Financial Agent-Based Modeling

Updated: Sep 8, 2020

Financial theory and economics in general as they have evolved over the past century have adopted the modeling framework of physics and standard mathematics, which is known to be a reductionist framework. Much of current financial theory is based on linear assumptions and top-down equation-based models. Dynamic stochastic general equilibrium models are a paragon of this approach – an equation based macro rule with a limited number of variables that are designed to describe how the whole system works based upon rational expectations of the agents in the system.[1] This approach involves a degree of model expectation; meaning the agents are expected to act as if they understand the model so that the agents fit into the overall model. The general approach is that of aggregating over representative agents to achieve a general equilibrium that can be captured in a single global rule.

Just as Newtonian physics still works as an approximation for most physical motion, for much of science, economic and finance the equilibrium top-down approach works as a rough approximation. However just as we know that Newtonian physics is a shortcut description of a more complex underlying physical reality of general relativity, so too these general equilibrium models are a shortcut for a more complex underlying economic and financial reality. Just as we have to switch from Newtonian physics to general relativity or quantum physics to talk about certain phenomena in our universe, we also have to shift the paradigm within finance if we are to approach important economic phenomena, moving from top-down general rules and equilibrium to bottom-up local rules and nonequilibrium processes of change.


What these general equation-based models do not allow for is the reality of how people act and interact locally to create emergent bottom-up patterns based upon local rules; which is to a certain extent how markets work. People find themselves with some set of rules, some kind of local information, and then make their decisions, the interaction of these decisions lead to the overall outcomes in the market. Previously this vision of the world was not possible for our scientific and mathematical models to deal with because it involves massive amounts of free parameters and information. Prior to the advent of computer simulations, we could only write global rules and hope that the empirical data fitted into it, but today new models from complexity theory dealing with self-organization and emergence coupled with computer simulation are changing this.
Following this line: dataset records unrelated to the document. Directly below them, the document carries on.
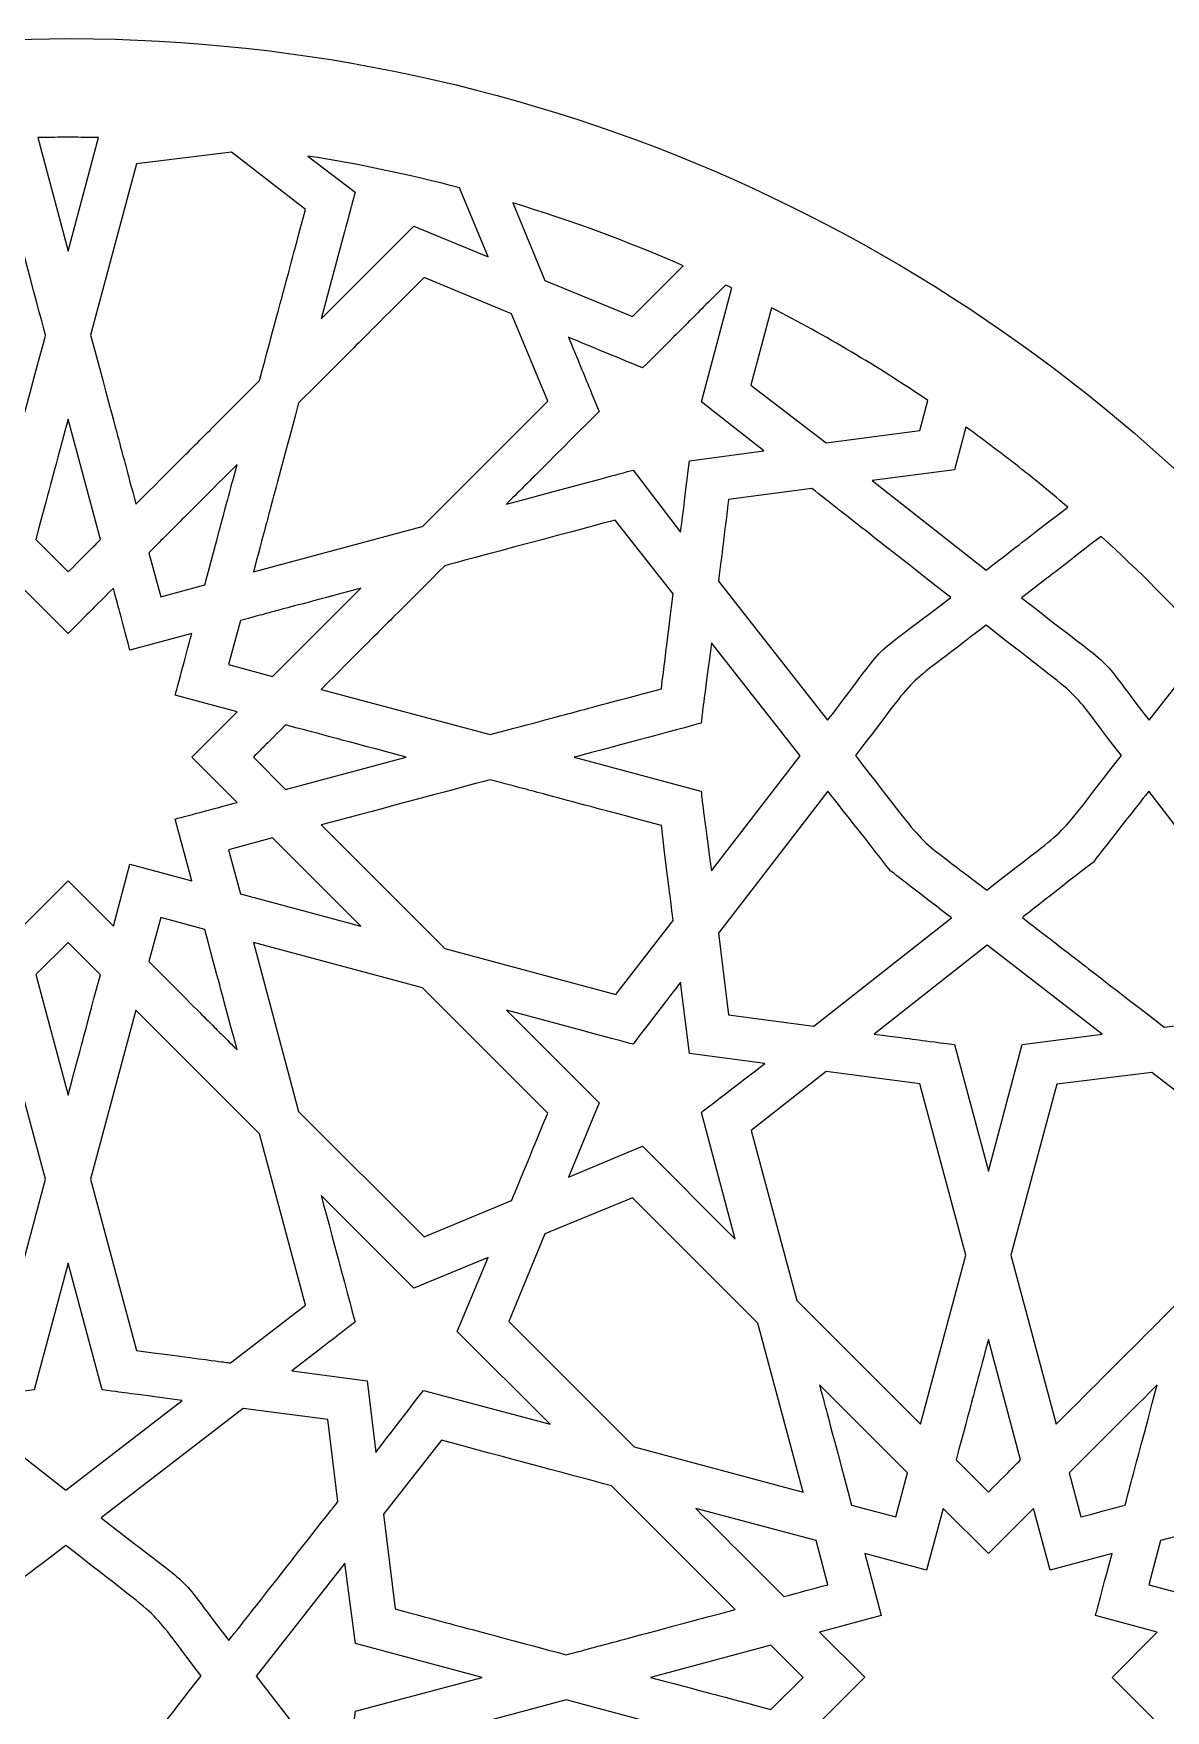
# Model space of a CAD drawing. Header units: millimetres. Extents: x -69 to 66, y -50 to 50.
# Drawn here: x -1 to 33.5, y -0.9 to 50.2 of the extents above; entities that cross this region are included whole.
import ezdxf

# ---------------------------------------------------------------- set-up
doc = ezdxf.new("R2010")
doc.units = ezdxf.units.MM
doc.header["$MEASUREMENT"] = 0
doc.layers.add('layer 1', color=7, linetype='Continuous')

msp = doc.modelspace()

# ---------------------------------------------------------------- linework, layer by layer
at = {"layer": 'layer 1', "color": 250}
for points, knots in [([(36.2073, 34.5736), (26.9399, 44.2997), (13.8345, 50.2377), (-0.556, 50.0789), (-0.556, 50.0789), (-47.7627, 49.5589), (-68.7847, -11.4053), (-29.581, -40.2291), (-29.581, -40.2291), (-20.2448, -47.092), (-8.8699, -50.487), (2.8152, -49.8401), (2.8152, -49.8401), (44.4592, -47.5316), (66.2213, 3.0847), (36.2073, 34.5736)], [0, 0, 0, 0, 0.2, 0.2, 0.2, 0.2, 0.4, 0.4, 0.4, 0.4, 0.6, 0.6, 0.6, 0.6, 1, 1, 1, 1]), ([(-4.9375, 46.6386), (-4.228, 46.5452), (-4.7925, 46.6196), (-2.0775, 46.2619), (-2.0775, 46.2619), (-1.7325, 44.9746), (-0.9225, 41.9527), (-0.6752, 41.0305), (-0.6752, 41.0305), (-0.6752, 41.0305), (-2.0253, 35.9929), (-2.0574, 35.8736), (-2.0574, 35.8736), (-2.0574, 35.8736), (-5.8325, 39.6487), (-5.8325, 39.6487), (-5.8325, 39.6487), (-5.8325, 39.6487), (-7.2242, 44.843), (-7.2242, 44.843), (-7.2242, 44.843), (-7.2242, 44.843), (-4.9375, 46.6386), (-4.9375, 46.6386)], [0, 0, 0, 0, 0.1428571, 0.1428571, 0.1428571, 0.1428571, 0.2857143, 0.2857143, 0.2857143, 0.2857143, 0.4285714, 0.4285714, 0.4285714, 0.4285714, 0.5714286, 0.5714286, 0.5714286, 0.5714286, 0.7142857, 0.7142857, 0.7142857, 0.7142857, 1, 1, 1, 1]), ([(0.9401, 47.0599), (0.9401, 47.0599), (0.0123, 43.5977), (0.0123, 43.5977), (0.0123, 43.5977), (0.0123, 43.5977), (-0.9155, 47.0599), (-0.9155, 47.0599), (-0.9155, 47.0599), (-0.1305, 47.0754), (0.1221, 47.0761), (0.9401, 47.0599)], [0, 0, 0, 0, 0.25, 0.25, 0.25, 0.25, 0.5, 0.5, 0.5, 0.5, 1, 1, 1, 1]), ([(4.9974, 46.6139), (4.9974, 46.6139), (7.2563, 44.8698), (7.2563, 44.8698), (7.2563, 44.8698), (6.4428, 41.8335), (6.7687, 43.0495), (5.8572, 39.6487), (5.8572, 39.6487), (3.5362, 37.3278), (4.3984, 38.1896), (2.0821, 35.8736), (2.0821, 35.8736), (1.56, 37.8224), (1.8909, 36.5873), (0.6999, 41.0309), (0.6999, 41.0309), (0.6999, 41.0309), (2.1008, 46.2573), (2.1008, 46.2573), (2.1008, 46.2573), (2.1008, 46.2573), (4.9974, 46.6139), (4.9974, 46.6139)], [0, 0, 0, 0, 0.1428571, 0.1428571, 0.1428571, 0.1428571, 0.2857143, 0.2857143, 0.2857143, 0.2857143, 0.4285714, 0.4285714, 0.4285714, 0.4285714, 0.5714286, 0.5714286, 0.5714286, 0.5714286, 0.7142857, 0.7142857, 0.7142857, 0.7142857, 1, 1, 1, 1]), ([(11.9553, 45.5299), (11.9553, 45.5299), (12.8284, 43.4206), (12.8284, 43.4206), (12.8284, 43.4206), (12.8284, 43.4206), (10.5664, 44.3579), (10.5664, 44.3579), (10.5664, 44.3579), (10.5664, 44.3579), (10.566, 44.3579), (10.566, 44.3579), (10.566, 44.3579), (10.566, 44.3579), (7.7364, 41.5279), (7.7364, 41.5279), (7.7364, 41.5279), (7.7364, 41.5279), (8.3989, 44.0009), (8.3989, 44.0009), (8.3989, 44.0009), (8.3989, 44.0009), (8.4018, 43.9988), (8.4018, 43.9988), (8.4018, 43.9988), (8.6903, 45.0903), (8.6088, 44.783), (8.7722, 45.3937), (8.7722, 45.3937), (8.7722, 45.3937), (7.3311, 46.4993), (7.3311, 46.4993), (7.3311, 46.4993), (8.8995, 46.2527), (10.4419, 45.9278), (11.9553, 45.5299)], [0, 0, 0, 0, 0.1, 0.1, 0.1, 0.1, 0.2, 0.2, 0.2, 0.2, 0.3, 0.3, 0.3, 0.3, 0.4, 0.4, 0.4, 0.4, 0.5, 0.5, 0.5, 0.5, 0.6, 0.6, 0.6, 0.6, 0.7, 0.7, 0.7, 0.7, 0.8, 0.8, 0.8, 0.8, 1, 1, 1, 1]), ([(18.7875, 43.1493), (18.7875, 43.1493), (17.2342, 41.596), (17.2342, 41.596), (17.2342, 41.596), (17.2342, 41.596), (14.5644, 42.7013), (14.5644, 42.7013), (14.5644, 42.7013), (14.5644, 42.7013), (14.5644, 42.7013), (14.5644, 42.7013), (14.5644, 42.7013), (14.5644, 42.7013), (13.5844, 45.0681), (13.5844, 45.0681), (13.5844, 45.0681), (15.3656, 44.5294), (17.1023, 43.8873), (18.7875, 43.1493)], [0, 0, 0, 0, 0.1666667, 0.1666667, 0.1666667, 0.1666667, 0.3333333, 0.3333333, 0.3333333, 0.3333333, 0.5, 0.5, 0.5, 0.5, 0.6666667, 0.6666667, 0.6666667, 0.6666667, 1, 1, 1, 1]), ([(13.5474, 41.6842), (13.5474, 41.6842), (13.5474, 41.6842), (13.5474, 41.6842), (13.5474, 41.6842), (13.5474, 41.6842), (14.6533, 39.0148), (14.6533, 39.0148), (14.6533, 39.0148), (14.6533, 39.0148), (10.8243, 35.1857), (10.8243, 35.1857), (10.8243, 35.1857), (10.8243, 35.1857), (10.8239, 35.1857), (10.8239, 35.1857), (10.8239, 35.1857), (10.8239, 35.1857), (10.8239, 35.1857), (10.8239, 35.1857), (10.8239, 35.1857), (10.8239, 35.1857), (5.6667, 33.8039), (5.6667, 33.8039), (5.6667, 33.8039), (6.2533, 35.9925), (5.9574, 34.8887), (7.0485, 38.9611), (7.0485, 38.9611), (8.9856, 40.8979), (8.1407, 40.053), (10.8779, 42.7902), (10.8779, 42.7902), (10.8779, 42.7902), (13.547, 41.6846), (13.547, 41.6846), (13.547, 41.6846), (13.547, 41.6846), (13.5474, 41.6842), (13.5474, 41.6842)], [0, 0, 0, 0, 0.0909091, 0.0909091, 0.0909091, 0.0909091, 0.1818182, 0.1818182, 0.1818182, 0.1818182, 0.2727273, 0.2727273, 0.2727273, 0.2727273, 0.3636364, 0.3636364, 0.3636364, 0.3636364, 0.4545455, 0.4545455, 0.4545455, 0.4545455, 0.5454545, 0.5454545, 0.5454545, 0.5454545, 0.6363636, 0.6363636, 0.6363636, 0.6363636, 0.7272727, 0.7272727, 0.7272727, 0.7272727, 0.8181818, 0.8181818, 0.8181818, 0.8181818, 1, 1, 1, 1]), ([(15.2837, 40.9653), (16.0313, 40.6559), (16.5608, 40.4365), (17.5458, 40.0286), (17.5458, 40.0286), (19.3068, 41.7894), (18.7163, 41.1988), (20.0787, 42.5612), (20.0787, 42.5612), (20.1429, 42.5309), (20.2082, 42.5016), (20.272, 42.4709), (20.272, 42.4709), (20.272, 42.4709), (19.34, 38.9925), (19.34, 38.9925), (19.34, 38.9925), (19.34, 38.9925), (19.7418, 38.6846), (19.7418, 38.6846), (19.7418, 38.6846), (19.7418, 38.6846), (19.7411, 38.6839), (19.7411, 38.6839), (19.7411, 38.6839), (19.7411, 38.6839), (21.252, 37.4978), (21.252, 37.4978), (21.252, 37.4978), (21.252, 37.4978), (18.9766, 37.1983), (18.9766, 37.1983), (18.9766, 37.1983), (18.7579, 35.4168), (18.8165, 35.8927), (18.7085, 35.0171), (18.7085, 35.0171), (18.7085, 35.0171), (17.2565, 36.9094), (17.2565, 36.9094), (17.2565, 36.9094), (16.691, 36.7577), (17.3588, 36.9365), (13.3911, 35.8736), (13.3911, 35.8736), (14.4875, 36.9701), (13.8747, 36.3573), (16.2207, 38.7029), (16.2207, 38.7029), (16.2207, 38.7029), (16.2207, 38.7033), (16.2207, 38.7033), (16.2207, 38.7033), (15.7162, 39.9203), (15.9272, 39.4109), (15.2837, 40.9653)], [0, 0, 0, 0, 0.0666667, 0.0666667, 0.0666667, 0.0666667, 0.1333333, 0.1333333, 0.1333333, 0.1333333, 0.2, 0.2, 0.2, 0.2, 0.2666667, 0.2666667, 0.2666667, 0.2666667, 0.3333333, 0.3333333, 0.3333333, 0.3333333, 0.4, 0.4, 0.4, 0.4, 0.4666667, 0.4666667, 0.4666667, 0.4666667, 0.5333333, 0.5333333, 0.5333333, 0.5333333, 0.6, 0.6, 0.6, 0.6, 0.6666667, 0.6666667, 0.6666667, 0.6666667, 0.7333333, 0.7333333, 0.7333333, 0.7333333, 0.8, 0.8, 0.8, 0.8, 0.8666667, 0.8666667, 0.8666667, 0.8666667, 1, 1, 1, 1]), ([(26.2551, 39.0373), (26.2551, 39.0373), (26.0107, 38.1247), (26.0107, 38.1247), (26.0107, 38.1247), (26.0107, 38.1247), (23.1454, 37.7472), (23.1454, 37.7472), (23.1454, 37.7472), (23.1454, 37.7472), (20.8534, 39.5065), (20.8534, 39.5065), (20.8534, 39.5065), (20.8534, 39.5065), (21.4856, 41.8663), (21.4856, 41.8663), (21.4856, 41.8663), (23.1341, 41.0154), (24.7269, 40.0706), (26.2551, 39.0373)], [0, 0, 0, 0, 0.1666667, 0.1666667, 0.1666667, 0.1666667, 0.3333333, 0.3333333, 0.3333333, 0.3333333, 0.5, 0.5, 0.5, 0.5, 0.6666667, 0.6666667, 0.6666667, 0.6666667, 1, 1, 1, 1]), ([(0.9969, 34.7885), (0.6579, 34.4495), (0.8777, 34.6689), (0.0123, 33.8039), (0.0123, 33.8039), (0.0123, 33.8039), (-0.9723, 34.7888), (-0.9723, 34.7888), (-0.9723, 34.7888), (-0.4223, 36.8413), (-0.5419, 36.3954), (0.0123, 38.4634), (0.0123, 38.4634), (0.0123, 38.4634), (0.9969, 34.7885), (0.9969, 34.7885)], [0, 0, 0, 0, 0.2, 0.2, 0.2, 0.2, 0.4, 0.4, 0.4, 0.4, 0.6, 0.6, 0.6, 0.6, 1, 1, 1, 1]), ([(29.1356, 36.9249), (29.1356, 36.9249), (29.1359, 36.9231), (29.1359, 36.9231), (29.1359, 36.9231), (29.1359, 36.9231), (29.138, 36.9228), (29.138, 36.9228), (29.138, 36.9228), (29.6072, 36.551), (30.0687, 36.17), (30.523, 35.7808), (30.523, 35.7808), (28.6921, 34.3676), (29.2199, 34.7747), (28.0356, 33.8607), (28.0356, 33.8607), (28.0356, 33.8607), (24.5558, 36.5926), (24.5558, 36.5926), (24.5558, 36.5926), (24.5558, 36.5926), (27.064, 36.9231), (27.064, 36.9231), (27.064, 36.9231), (27.064, 36.9231), (27.4129, 38.2259), (27.4129, 38.2259), (27.4129, 38.2259), (27.9975, 37.8047), (28.5718, 37.3715), (29.1356, 36.9249)], [0, 0, 0, 0, 0.1111111, 0.1111111, 0.1111111, 0.1111111, 0.2222222, 0.2222222, 0.2222222, 0.2222222, 0.3333333, 0.3333333, 0.3333333, 0.3333333, 0.4444444, 0.4444444, 0.4444444, 0.4444444, 0.5555556, 0.5555556, 0.5555556, 0.5555556, 0.6666667, 0.6666667, 0.6666667, 0.6666667, 0.7777778, 0.7777778, 0.7777778, 0.7777778, 1, 1, 1, 1]), ([(4.1846, 33.4063), (4.1846, 33.4063), (2.8399, 33.0461), (2.8399, 33.0461), (2.8399, 33.0461), (2.8399, 33.0461), (2.4793, 34.3913), (2.4793, 34.3913), (2.4793, 34.3913), (3.4876, 35.3995), (2.8272, 34.7391), (5.1696, 37.0815), (5.1696, 37.0815), (4.8045, 35.7216), (5.0098, 36.4878), (4.1846, 33.4063)], [0, 0, 0, 0, 0.2, 0.2, 0.2, 0.2, 0.4, 0.4, 0.4, 0.4, 0.6, 0.6, 0.6, 0.6, 1, 1, 1, 1]), ([(23.1941, 29.2739), (23.1941, 29.2739), (19.8628, 33.5174), (19.8628, 33.5174), (19.8628, 33.5174), (20.0642, 35.155), (19.9926, 34.5754), (20.1701, 36.0147), (20.1701, 36.0147), (20.1701, 36.0147), (22.7136, 36.3499), (22.7136, 36.3499), (22.7136, 36.3499), (23.9014, 35.4171), (23.0547, 36.0821), (26.9505, 33.0228), (26.9505, 33.0228), (24.1882, 30.8896), (25.2818, 31.9775), (23.1941, 29.2739)], [0, 0, 0, 0, 0.1666667, 0.1666667, 0.1666667, 0.1666667, 0.3333333, 0.3333333, 0.3333333, 0.3333333, 0.5, 0.5, 0.5, 0.5, 0.6666667, 0.6666667, 0.6666667, 0.6666667, 1, 1, 1, 1]), ([(18.1208, 30.2376), (14.7966, 29.3469), (15.8108, 29.6189), (12.8937, 28.8371), (12.8937, 28.8371), (12.8937, 28.8371), (7.7364, 30.219), (7.7364, 30.219), (7.7364, 30.219), (10.0136, 32.4958), (9.2548, 31.7373), (11.5118, 33.9944), (11.5118, 33.9944), (11.9962, 34.1242), (16.1336, 35.2326), (16.7054, 35.3857), (16.7054, 35.3857), (16.7054, 35.3857), (18.4764, 33.1308), (18.4764, 33.1308), (18.4764, 33.1308), (18.1987, 30.8726), (18.2873, 31.5948), (18.1208, 30.2376)], [0, 0, 0, 0, 0.1428571, 0.1428571, 0.1428571, 0.1428571, 0.2857143, 0.2857143, 0.2857143, 0.2857143, 0.4285714, 0.4285714, 0.4285714, 0.4285714, 0.5714286, 0.5714286, 0.5714286, 0.5714286, 0.7142857, 0.7142857, 0.7142857, 0.7142857, 1, 1, 1, 1]), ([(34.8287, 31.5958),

Dealing with heterogeneous agents making local decisions creates many parameters; it is a high-dimensional problem and this is why large amounts of data and computer models are needed. With computers, we can define bottom-up models, where we start by asking what rules the agents are acting under and then simulate that leading to interaction and emergence. Solutions are no longer well defined and closed, they are more like patterns. We are trying to simulate the rules, actions, and interactions of agents looking at how overall patterns are created and change over time.

Simple Rules

One of the key premises of complex systems theory is that global coordination and complex behavior can emerge out of very simple rules governing the interaction between agents on the local level without the need for centralized coordination. At the heart of this is the question of how agents synchronize their state or cooperate to create local patterns of organization. We see many examples of self-organization within complex adaptive systems that are composed of elements following simple rules. For example, swarms of fireflies who may start out flashing their light in a random fashion with respect to each other come, through their interaction, to coordinate their behavior into an emergent pattern of the whole swarm flashing in synchrony.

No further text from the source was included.